### Task to complete
As soon as the line containing "unnamed: D2.2 (A), FB1.1" appears in the material below, start returning lines exactly, and end with the line containing "unnamed: J1.A5 (CC1), R1.2".

### Data for analysis
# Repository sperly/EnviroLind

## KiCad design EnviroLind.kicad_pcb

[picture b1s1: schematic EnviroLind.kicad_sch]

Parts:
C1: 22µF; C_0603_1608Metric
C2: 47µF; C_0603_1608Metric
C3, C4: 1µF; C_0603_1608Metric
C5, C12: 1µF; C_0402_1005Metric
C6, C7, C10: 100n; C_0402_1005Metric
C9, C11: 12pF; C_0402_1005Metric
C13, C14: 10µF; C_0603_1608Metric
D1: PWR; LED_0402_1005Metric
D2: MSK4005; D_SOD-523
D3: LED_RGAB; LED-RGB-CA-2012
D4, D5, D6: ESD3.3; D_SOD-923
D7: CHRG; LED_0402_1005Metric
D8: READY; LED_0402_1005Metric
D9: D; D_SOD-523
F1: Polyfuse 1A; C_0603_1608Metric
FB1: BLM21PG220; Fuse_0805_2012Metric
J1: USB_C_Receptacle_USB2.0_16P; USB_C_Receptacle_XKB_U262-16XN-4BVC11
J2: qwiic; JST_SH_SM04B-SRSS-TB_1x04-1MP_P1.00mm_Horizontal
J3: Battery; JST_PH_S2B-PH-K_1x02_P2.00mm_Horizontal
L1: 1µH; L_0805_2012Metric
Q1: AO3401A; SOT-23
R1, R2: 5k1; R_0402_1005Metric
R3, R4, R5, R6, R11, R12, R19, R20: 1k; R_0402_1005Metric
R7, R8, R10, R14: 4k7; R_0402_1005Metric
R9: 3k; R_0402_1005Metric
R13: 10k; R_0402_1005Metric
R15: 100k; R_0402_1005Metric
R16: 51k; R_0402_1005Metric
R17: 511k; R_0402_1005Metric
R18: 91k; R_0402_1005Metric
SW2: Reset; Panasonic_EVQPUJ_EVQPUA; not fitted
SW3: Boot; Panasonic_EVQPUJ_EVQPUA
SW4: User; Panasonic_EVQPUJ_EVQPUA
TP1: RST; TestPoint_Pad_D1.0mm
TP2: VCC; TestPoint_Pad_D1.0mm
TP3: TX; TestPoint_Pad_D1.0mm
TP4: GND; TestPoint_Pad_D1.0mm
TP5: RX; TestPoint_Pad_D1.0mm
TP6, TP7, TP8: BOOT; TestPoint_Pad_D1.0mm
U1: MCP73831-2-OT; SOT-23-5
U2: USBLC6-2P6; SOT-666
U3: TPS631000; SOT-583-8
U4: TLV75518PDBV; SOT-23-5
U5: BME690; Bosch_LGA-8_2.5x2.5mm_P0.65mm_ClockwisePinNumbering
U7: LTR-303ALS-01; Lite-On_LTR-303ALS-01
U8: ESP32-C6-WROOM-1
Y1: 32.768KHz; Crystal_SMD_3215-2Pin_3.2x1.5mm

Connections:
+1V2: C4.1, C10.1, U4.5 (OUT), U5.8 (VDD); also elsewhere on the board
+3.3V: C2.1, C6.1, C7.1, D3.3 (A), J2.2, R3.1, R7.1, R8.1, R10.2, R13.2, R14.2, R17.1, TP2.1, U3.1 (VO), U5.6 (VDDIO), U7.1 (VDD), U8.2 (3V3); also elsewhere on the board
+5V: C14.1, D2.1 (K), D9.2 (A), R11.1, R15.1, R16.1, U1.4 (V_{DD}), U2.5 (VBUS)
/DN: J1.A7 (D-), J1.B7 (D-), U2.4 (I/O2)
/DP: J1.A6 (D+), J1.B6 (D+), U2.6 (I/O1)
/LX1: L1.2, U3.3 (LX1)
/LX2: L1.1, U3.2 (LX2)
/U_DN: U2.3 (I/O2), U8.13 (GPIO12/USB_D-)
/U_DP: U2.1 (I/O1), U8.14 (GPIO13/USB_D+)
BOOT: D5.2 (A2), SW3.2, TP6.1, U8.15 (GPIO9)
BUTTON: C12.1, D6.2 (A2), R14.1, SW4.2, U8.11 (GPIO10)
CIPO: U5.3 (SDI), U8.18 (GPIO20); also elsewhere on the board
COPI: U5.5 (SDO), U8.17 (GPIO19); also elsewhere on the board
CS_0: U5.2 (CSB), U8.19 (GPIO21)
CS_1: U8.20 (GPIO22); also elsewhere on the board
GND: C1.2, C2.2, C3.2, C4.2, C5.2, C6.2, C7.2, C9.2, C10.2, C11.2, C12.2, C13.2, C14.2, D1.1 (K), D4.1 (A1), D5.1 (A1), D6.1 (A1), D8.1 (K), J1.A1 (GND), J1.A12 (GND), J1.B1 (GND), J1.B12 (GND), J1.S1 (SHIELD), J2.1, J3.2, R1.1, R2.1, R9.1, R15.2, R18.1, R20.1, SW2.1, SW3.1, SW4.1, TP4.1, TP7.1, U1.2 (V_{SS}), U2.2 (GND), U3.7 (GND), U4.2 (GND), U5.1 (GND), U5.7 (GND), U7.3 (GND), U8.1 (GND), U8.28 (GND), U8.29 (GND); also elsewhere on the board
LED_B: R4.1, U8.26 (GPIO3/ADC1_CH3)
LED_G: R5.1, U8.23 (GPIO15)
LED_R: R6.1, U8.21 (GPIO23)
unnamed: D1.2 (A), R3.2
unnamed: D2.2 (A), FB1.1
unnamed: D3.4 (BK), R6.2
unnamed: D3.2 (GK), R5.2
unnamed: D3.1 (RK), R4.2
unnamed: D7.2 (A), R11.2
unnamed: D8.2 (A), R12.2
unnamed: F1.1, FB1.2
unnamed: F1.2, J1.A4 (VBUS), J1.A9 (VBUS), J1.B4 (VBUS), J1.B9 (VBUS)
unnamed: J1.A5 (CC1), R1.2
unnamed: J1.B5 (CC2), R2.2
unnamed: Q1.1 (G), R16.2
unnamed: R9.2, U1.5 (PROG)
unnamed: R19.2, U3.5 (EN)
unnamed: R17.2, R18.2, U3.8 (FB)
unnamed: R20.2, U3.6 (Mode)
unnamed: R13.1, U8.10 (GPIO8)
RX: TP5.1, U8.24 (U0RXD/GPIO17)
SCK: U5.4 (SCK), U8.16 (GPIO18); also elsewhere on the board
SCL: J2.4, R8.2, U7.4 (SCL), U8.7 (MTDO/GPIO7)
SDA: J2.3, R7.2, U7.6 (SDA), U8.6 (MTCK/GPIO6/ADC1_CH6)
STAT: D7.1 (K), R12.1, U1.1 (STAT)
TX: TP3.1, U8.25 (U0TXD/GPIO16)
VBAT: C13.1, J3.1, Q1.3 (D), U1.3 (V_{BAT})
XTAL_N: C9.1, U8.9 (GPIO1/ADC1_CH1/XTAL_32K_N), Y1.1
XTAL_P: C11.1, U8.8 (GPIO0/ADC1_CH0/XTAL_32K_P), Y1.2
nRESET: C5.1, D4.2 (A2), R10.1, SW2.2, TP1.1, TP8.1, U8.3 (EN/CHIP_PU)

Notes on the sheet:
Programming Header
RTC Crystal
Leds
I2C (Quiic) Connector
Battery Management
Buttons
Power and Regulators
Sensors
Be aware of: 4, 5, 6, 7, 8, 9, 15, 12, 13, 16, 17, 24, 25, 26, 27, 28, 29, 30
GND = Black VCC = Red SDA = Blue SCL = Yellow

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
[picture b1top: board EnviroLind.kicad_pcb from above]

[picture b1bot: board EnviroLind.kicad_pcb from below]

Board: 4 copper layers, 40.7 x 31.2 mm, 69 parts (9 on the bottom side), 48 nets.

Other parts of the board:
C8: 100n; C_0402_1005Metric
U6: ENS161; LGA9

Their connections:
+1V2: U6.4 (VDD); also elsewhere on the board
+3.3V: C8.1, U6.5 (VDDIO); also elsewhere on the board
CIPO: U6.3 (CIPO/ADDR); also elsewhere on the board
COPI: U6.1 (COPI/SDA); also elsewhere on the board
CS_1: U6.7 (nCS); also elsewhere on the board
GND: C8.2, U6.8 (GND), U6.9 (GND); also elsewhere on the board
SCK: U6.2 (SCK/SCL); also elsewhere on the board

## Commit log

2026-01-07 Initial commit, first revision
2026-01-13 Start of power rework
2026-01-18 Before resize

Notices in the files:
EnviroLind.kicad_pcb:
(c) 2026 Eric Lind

### Problem solution
unnamed: D2.2 (A), FB1.1
unnamed: D3.4 (BK), R6.2
unnamed: D3.2 (GK), R5.2
unnamed: D3.1 (RK), R4.2
unnamed: D7.2 (A), R11.2
unnamed: D8.2 (A), R12.2
unnamed: F1.1, FB1.2
unnamed: F1.2, J1.A4 (VBUS), J1.A9 (VBUS), J1.B4 (VBUS), J1.B9 (VBUS)
unnamed: J1.A5 (CC1), R1.2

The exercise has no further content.